___ DATASET CONTENT ___

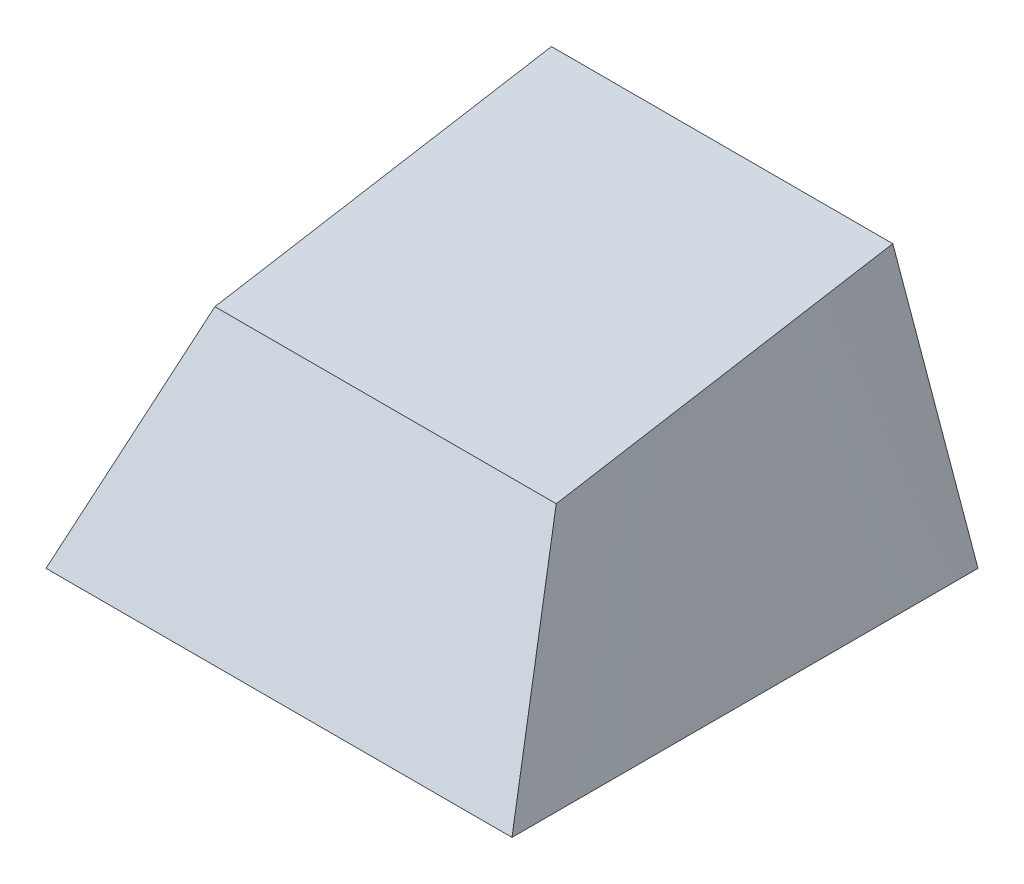
from build123d import *

# Parameters (mm, degrees)
SHELL1_T            = -1.6
BOSS_EXTRUDE1_REACH = 20.248
BOSS_EXTRUDE1_START = -2
SKETCH4_R           = 1.5
CUT_EXTRUDE1_REACH  = 17.087
SKETCH5_W           = 0.75
SKETCH5_H           = 1
SKETCH5_W_2         = 1
SKETCH5_H_2         = 0.75


with BuildPart() as part:
    # Sketch1 → Loft1 section 0
    with BuildSketch(Plane(origin=(0, 0, 0), x_dir=(1, 0, 0), z_dir=(0, 1, 0))):
        with BuildLine():
            Line((-9, 9), (9, 9))
            Line((9, 9), (9, -9))
            Line((9, -9), (-9, -9))
            Line((-9, -9), (-9, 9))
        make_face()
    # Sketch3 → Loft1 section 1
    with BuildSketch(Plane(origin=(0, 8.483501929, 1.435669557), x_dir=(0, 0.16685830369290802, -0.9859808854580931), z_dir=(0, 0.9859808854580931, 0.16685830369290802))):
        with BuildLine():
            Line((-3.496990657, 6.59241989), (9.687849122, 6.59241989))
            Line((9.687849122, 6.59241989), (9.687849122, -6.59241989))
            Line((9.687849122, -6.59241989), (-3.496990657, -6.59241989))
            Line((-3.496990657, -6.59241989), (-3.496990657, 6.59241989))
        make_face()
    loft()

    # Shell1
    shell1_openings = [part.faces().sort_by_distance(p)[0] for p in [
        (0, 0, 0),
    ]]
    offset(amount=SHELL1_T, openings=shell1_openings, kind=Kind.INTERSECTION)

    # Boss-Extrude1: up to this plane
    boss_extrude1_end = Plane(origin=(0, 6.905932512, 1.168696271), z_dir=(0, 0.9859808854580933, 0.16685830369290802))
    # Sketch4 → Boss-Extrude1 (add, up to the surface)
    with BuildSketch(Plane.XZ.offset(BOSS_EXTRUDE1_START), mode=Mode.PRIVATE) as boss_extrude1_sk1:
        with Locations(Location((0, 0, 0), (0, 0, 270))):
            Circle(SKETCH4_R)
    boss_extrude1_tool1 = split(extrude(boss_extrude1_sk1.sketch, amount=-BOSS_EXTRUDE1_REACH, mode=Mode.PRIVATE), bisect_by=boss_extrude1_end, keep=Keep.BOTH, mode=Mode.PRIVATE)
    add(boss_extrude1_tool1.solids().sort_by_distance((0, 2, 0))[0])

    # Cut-Extrude1: up to this plane
    cut_extrude1_end = Plane(origin=(0, 6.41294207, 1.085267119), z_dir=(0, 0.9859808854580933, 0.16685830369290802))
    # Sketch5 → Cut-Extrude1 (cut, up to the surface)
    with BuildSketch(Plane.XZ.offset(-2), mode=Mode.PRIVATE) as cut_extrude1_sk1:
        with Locations((-0.875, 0)):
            Rectangle(SKETCH5_W, SKETCH5_H)
    cut_extrude1_tool1 = split(extrude(cut_extrude1_sk1.sketch, amount=-CUT_EXTRUDE1_REACH, mode=Mode.PRIVATE), bisect_by=cut_extrude1_end, keep=Keep.BOTH, mode=Mode.PRIVATE)
    add(cut_extrude1_tool1.solids().sort_by_distance((-0.875, 2, 0))[0], mode=Mode.SUBTRACT)
    # Sketch5 → Cut-Extrude1 (cut, up to the surface)
    with BuildSketch(Plane.XZ.offset(-2), mode=Mode.PRIVATE) as cut_extrude1_sk2:
        Rectangle(SKETCH5_W_2, SKETCH5_H)
    cut_extrude1_tool2 = split(extrude(cut_extrude1_sk2.sketch, amount=-CUT_EXTRUDE1_REACH, mode=Mode.PRIVATE), bisect_by=cut_extrude1_end, keep=Keep.BOTH, mode=Mode.PRIVATE)
    add(cut_extrude1_tool2.solids().sort_by_distance((0, 2, 0))[0], mode=Mode.SUBTRACT)
    # Sketch5 → Cut-Extrude1 (cut, up to the surface)
    with BuildSketch(Plane.XZ.offset(-2), mode=Mode.PRIVATE) as cut_extrude1_sk3:
        with Locations((0, 0.875)):
            Rectangle(SKETCH5_W_2, SKETCH5_H_2)
    cut_extrude1_tool3 = split(extrude(cut_extrude1_sk3.sketch, amount=-CUT_EXTRUDE1_REACH, mode=Mode.PRIVATE), bisect_by=cut_extrude1_end, keep=Keep.BOTH, mode=Mode.PRIVATE)
    add(cut_extrude1_tool3.solids().sort_by_distance((0, 2, 0.875))[0], mode=Mode.SUBTRACT)
    # Sketch5 → Cut-Extrude1 (cut, up to the surface)
    with BuildSketch(Plane.XZ.offset(-2), mode=Mode.PRIVATE) as cut_extrude1_sk4:
        with Locations((0.875, 0)):
            Rectangle(SKETCH5_W, SKETCH5_H)
    cut_extrude1_tool4 = split(extrude(cut_extrude1_sk4.sketch, amount=-CUT_EXTRUDE1_REACH, mode=Mode.PRIVATE), bisect_by=cut_extrude1_end, keep=Keep.BOTH, mode=Mode.PRIVATE)
    add(cut_extrude1_tool4.solids().sort_by_distance((0.875, 2, 0))[0], mode=Mode.SUBTRACT)
    # Sketch5 → Cut-Extrude1 (cut, up to the surface)
    with BuildSketch(Plane.XZ.offset(-2), mode=Mode.PRIVATE) as cut_extrude1_sk5:
        with Locations((0, -0.875)):
            Rectangle(SKETCH5_W_2, SKETCH5_H_2)
    cut_extrude1_tool5 = split(extrude(cut_extrude1_sk5.sketch, amount=-CUT_EXTRUDE1_REACH, mode=Mode.PRIVATE), bisect_by=cut_extrude1_end, keep=Keep.BOTH, mode=Mode.PRIVATE)
    add(cut_extrude1_tool5.solids().sort_by_distance((0, 2, -0.875))[0], mode=Mode.SUBTRACT)


solid = part.part
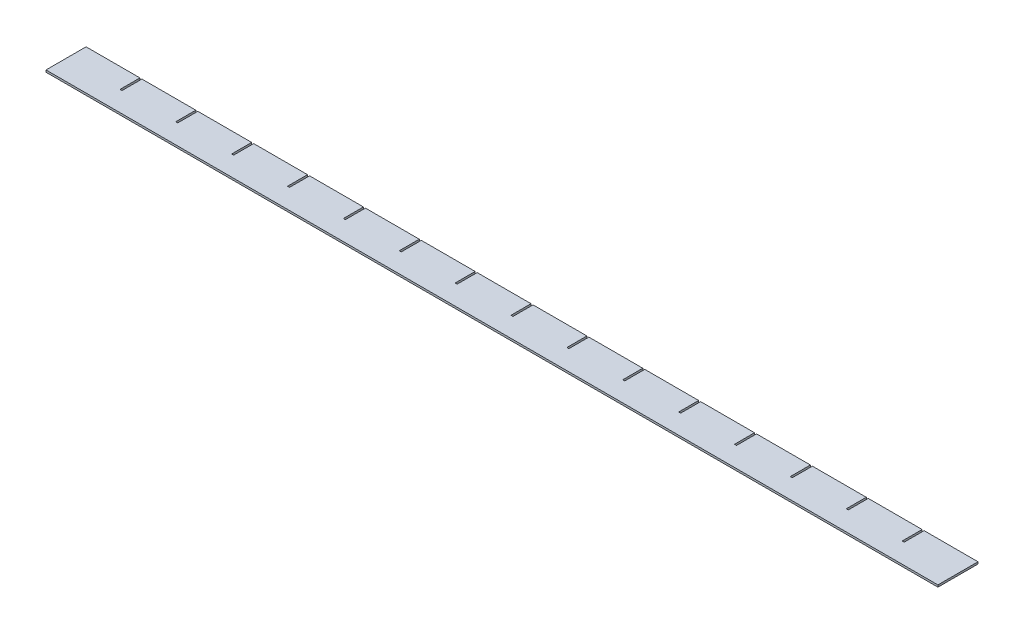
from build123d import *

# Parameters (mm, degrees)
SKETCH1_W           = 222.6
SKETCH1_H           = 10
BOSS_EXTRUDE1_DEPTH = 0.5
SKETCH2_W           = 0.5
SKETCH2_H           = 5
CUT_EXTRUDE1_DEPTH  = 0.5


with BuildPart() as part:
    # Sketch1 → Boss-Extrude1 (new body)
    with BuildSketch(Plane(origin=(0, 0, 0), x_dir=(1, 0, 0), z_dir=(0, 1, 0))):
        with Locations((111.3, 5)):
            Rectangle(SKETCH1_W, SKETCH1_H)
    extrude(amount=BOSS_EXTRUDE1_DEPTH)

    # Sketch2 → Cut-Extrude1 (cut)
    with BuildSketch(Plane(origin=(0, 0.5, 0), x_dir=(1, 0, 0), z_dir=(0, 1, 0))):
        with Locations((13.69375, 7.5)):
            Rectangle(SKETCH2_W, SKETCH2_H)
        with Locations((27.6375, 7.5)):
            Rectangle(SKETCH2_W, SKETCH2_H)
        with Locations((41.58125, 7.5)):
            Rectangle(SKETCH2_W, SKETCH2_H)
        with Locations((55.525, 7.5)):
            Rectangle(SKETCH2_W, SKETCH2_H)
        with Locations((69.46875, 7.5)):
            Rectangle(SKETCH2_W, SKETCH2_H)
        with Locations((83.4125, 7.5)):
            Rectangle(SKETCH2_W, SKETCH2_H)
        with Locations((97.35625, 7.5)):
            Rectangle(SKETCH2_W, SKETCH2_H)
        with Locations((111.3, 7.5)):
            Rectangle(SKETCH2_W, SKETCH2_H)
        with Locations((125.24375, 7.5)):
            Rectangle(SKETCH2_W, SKETCH2_H)
        with Locations((139.1875, 7.5)):
            Rectangle(SKETCH2_W, SKETCH2_H)
        with Locations((153.13125, 7.5)):
            Rectangle(SKETCH2_W, SKETCH2_H)
        with Locations((167.075, 7.5)):
            Rectangle(SKETCH2_W, SKETCH2_H)
        with Locations((181.01875, 7.5)):
            Rectangle(SKETCH2_W, SKETCH2_H)
        with Locations((194.9625, 7.5)):
            Rectangle(SKETCH2_W, SKETCH2_H)
        with Locations((208.90625, 7.5)):
            Rectangle(SKETCH2_W, SKETCH2_H)
    extrude(amount=-CUT_EXTRUDE1_DEPTH, mode=Mode.SUBTRACT)


solid = part.part
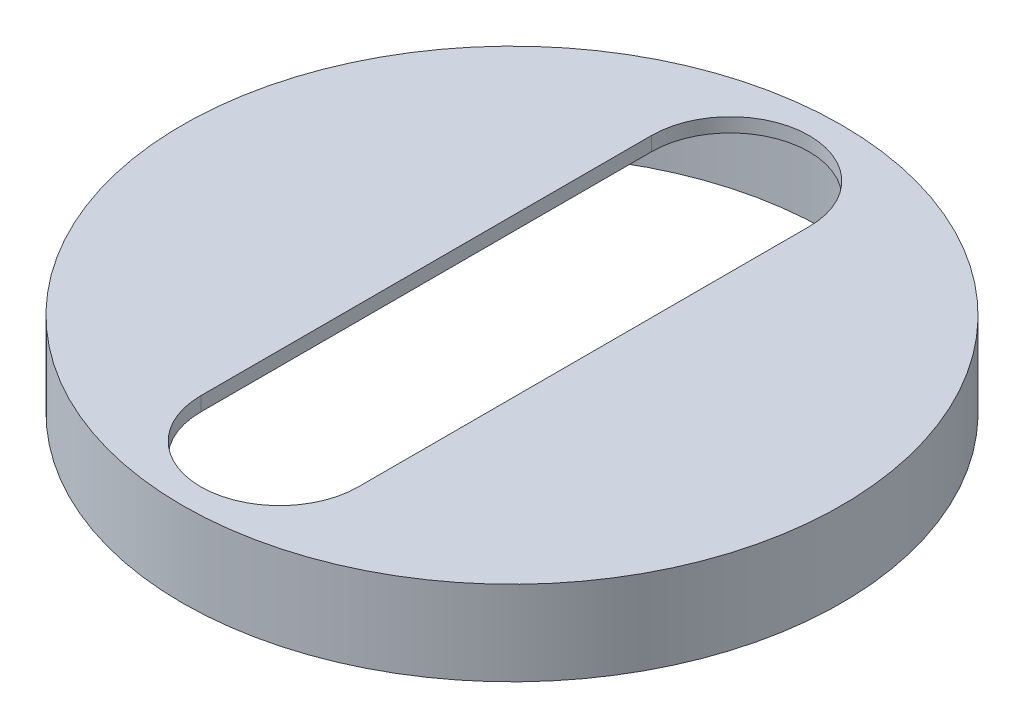
from build123d import *

# Parameters (mm, degrees)
SKETCH1_R           = 234
SKETCH1_R_2         = 224
BOSS_EXTRUDE1_DEPTH = 60
SKETCH1_3_R         = 224
BOSS_EXTRUDE2_DEPTH = 10


with BuildPart() as part:
    # Sketch1 → Boss-Extrude1 (new body)
    with BuildSketch(Plane(origin=(0, 0, 0), x_dir=(1, 0, 0), z_dir=(0, 1, 0))):
        Circle(SKETCH1_R)
        Circle(SKETCH1_R_2, mode=Mode.SUBTRACT)
    extrude(amount=-BOSS_EXTRUDE1_DEPTH)

    # Sketch1<3> → Boss-Extrude2 (add)
    with BuildSketch(Plane(origin=(0, 0, 0), x_dir=(1, 0, 0), z_dir=(0, 1, 0))):
        Circle(SKETCH1_3_R)
        with BuildLine():
            ThreePointArc((-61, 160), (-5, 216), (51, 160))
            Line((51, 160), (51, -160))
            ThreePointArc((51, -160), (-5, -216), (-61, -160))
            Line((-61, -160), (-61, 160))
        make_face(mode=Mode.SUBTRACT)
    extrude(amount=-BOSS_EXTRUDE2_DEPTH)


solid = part.part
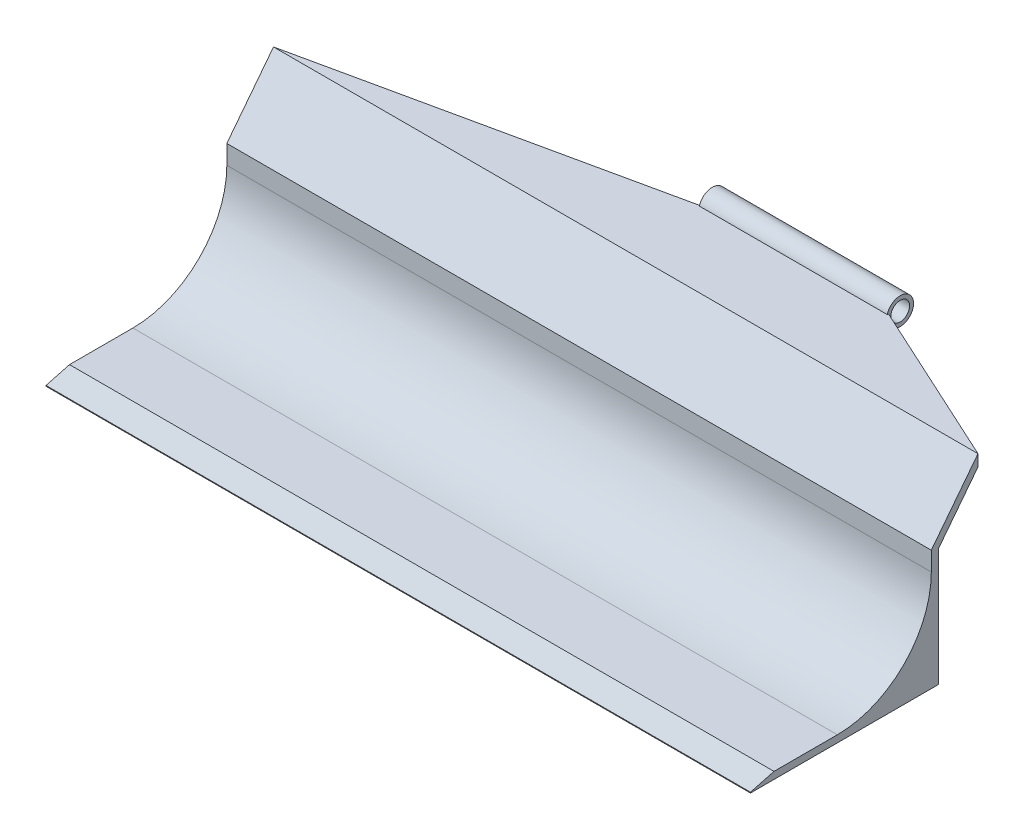
from build123d import *

# Parameters (mm, degrees)
BOSS_EXTRUDE1_DEPTH     = 300
FILLET1_R               = 40
CHAMFER1_SIZE           = 10
CHAMFER1_SIZE2          = 2.679491924
CUT_EXTRUDE1_DEPTH      = 336.036145422
CUT_EXTRUDE1_DEPTH_BACK = 336.036145422
SKETCH4_W               = 79.364416539
SKETCH4_H               = 3
BOSS_EXTRUDE2_DEPTH     = 10
SKETCH5_R               = 5.704192845
SKETCH5_R_2             = 4
BOSS_EXTRUDE3_DEPTH     = 80
SKETCH7_R               = 4
CUT_EXTRUDE2_DEPTH      = 80


with BuildPart() as part:
    # Sketch1 → Boss-Extrude1 (new body)
    with BuildSketch(Plane(origin=(0, 0, 0), x_dir=(0, 0, -1), z_dir=(1, 0, 0))):
        Polygon((84.922374429, -7.245973585), (84.922374429, -55.316210046), (7.922374429, -55.316210046), (7.922374429, -58.316210046), (87.922374429, -58.316210046), (87.922374429, -8.272692249), (106.273520759, 15.397445577), (137.289614993, 15.397445577), (137.289614993, 18.397445577), (104.803379808, 18.397445577), align=None)
    extrude(amount=BOSS_EXTRUDE1_DEPTH)

    # Fillet1
    fillet1_edges = [part.edges().sort_by_distance(p)[0] for p in [
        (150, -55.316210046, -84.922374429),
    ]]
    fillet(fillet1_edges, radius=FILLET1_R)

    # Chamfer1
    chamfer1_edges = [part.edges().sort_by_distance(p)[0] for p in [
        (150, -55.316210046, -7.922374429),
    ]]
    chamfer1_side = [part.faces().sort_by_distance(p)[0] for p in [
        (150, -55.316210046, -26.422374429),
    ]]
    chamfer(chamfer1_edges, length=CHAMFER1_SIZE, length2=CHAMFER1_SIZE2, reference=chamfer1_side[0])

    # Sketch2 → Cut-Extrude1 (cut, two sides: drawn at the far end of the back side and taken through both)
    with BuildSketch(Plane(origin=(0, 0, 0), x_dir=(1, 0, 0), z_dir=(0, 1, 0)).offset(-CUT_EXTRUDE1_DEPTH_BACK)):
        Polygon((229.364416539, 137.289614993), (300, 104.803379808), (319.87920565, 121.046497401), (319.87920565, 155.206469458), (246.417927531, 173.123323923), align=None)
        Polygon((150, 137.289614993), (0, 104.803379808), (-27.422104743, 146.559201032), (121.140212168, 173.123323923), align=None)
    extrude(amount=CUT_EXTRUDE1_DEPTH + CUT_EXTRUDE1_DEPTH_BACK, mode=Mode.SUBTRACT)

    # Sketch4 → Boss-Extrude2 (add)
    with BuildSketch(Plane(origin=(0, 0, -137.289614993), x_dir=(-1, 0, 0), z_dir=(0, 0, -1))):
        with Locations((-189.682208269, 16.897445577)):
            Rectangle(SKETCH4_W, SKETCH4_H)
    extrude(amount=BOSS_EXTRUDE2_DEPTH)

    # Sketch5 → Boss-Extrude3 (add)
    with BuildSketch(Plane(origin=(229.364416539, 0, 0), x_dir=(0, 0, -1), z_dir=(1, 0, 0))):
        with Locations((142.289614993, 16.897445577)):
            Circle(SKETCH5_R)
        with Locations((142.289614993, 16.897445577)):
            Circle(SKETCH5_R_2, mode=Mode.SUBTRACT)
    extrude(amount=-BOSS_EXTRUDE3_DEPTH)

    # Sketch7 → Cut-Extrude2 (cut)
    with BuildSketch(Plane(origin=(229.364416539, 0, 0), x_dir=(0, 0, -1), z_dir=(1, 0, 0))):
        with Locations((142.289614993, 16.897445577)):
            Circle(SKETCH7_R)
    extrude(amount=-CUT_EXTRUDE2_DEPTH, mode=Mode.SUBTRACT)


solid = part.part

___

TASK PROMPT:
Some lines above hold the word "this". Copy all of them.

RESPONSE TO THE TASK:
    # Boss-Extrude1: up to this plane
    # Cut-Extrude1: up to this plane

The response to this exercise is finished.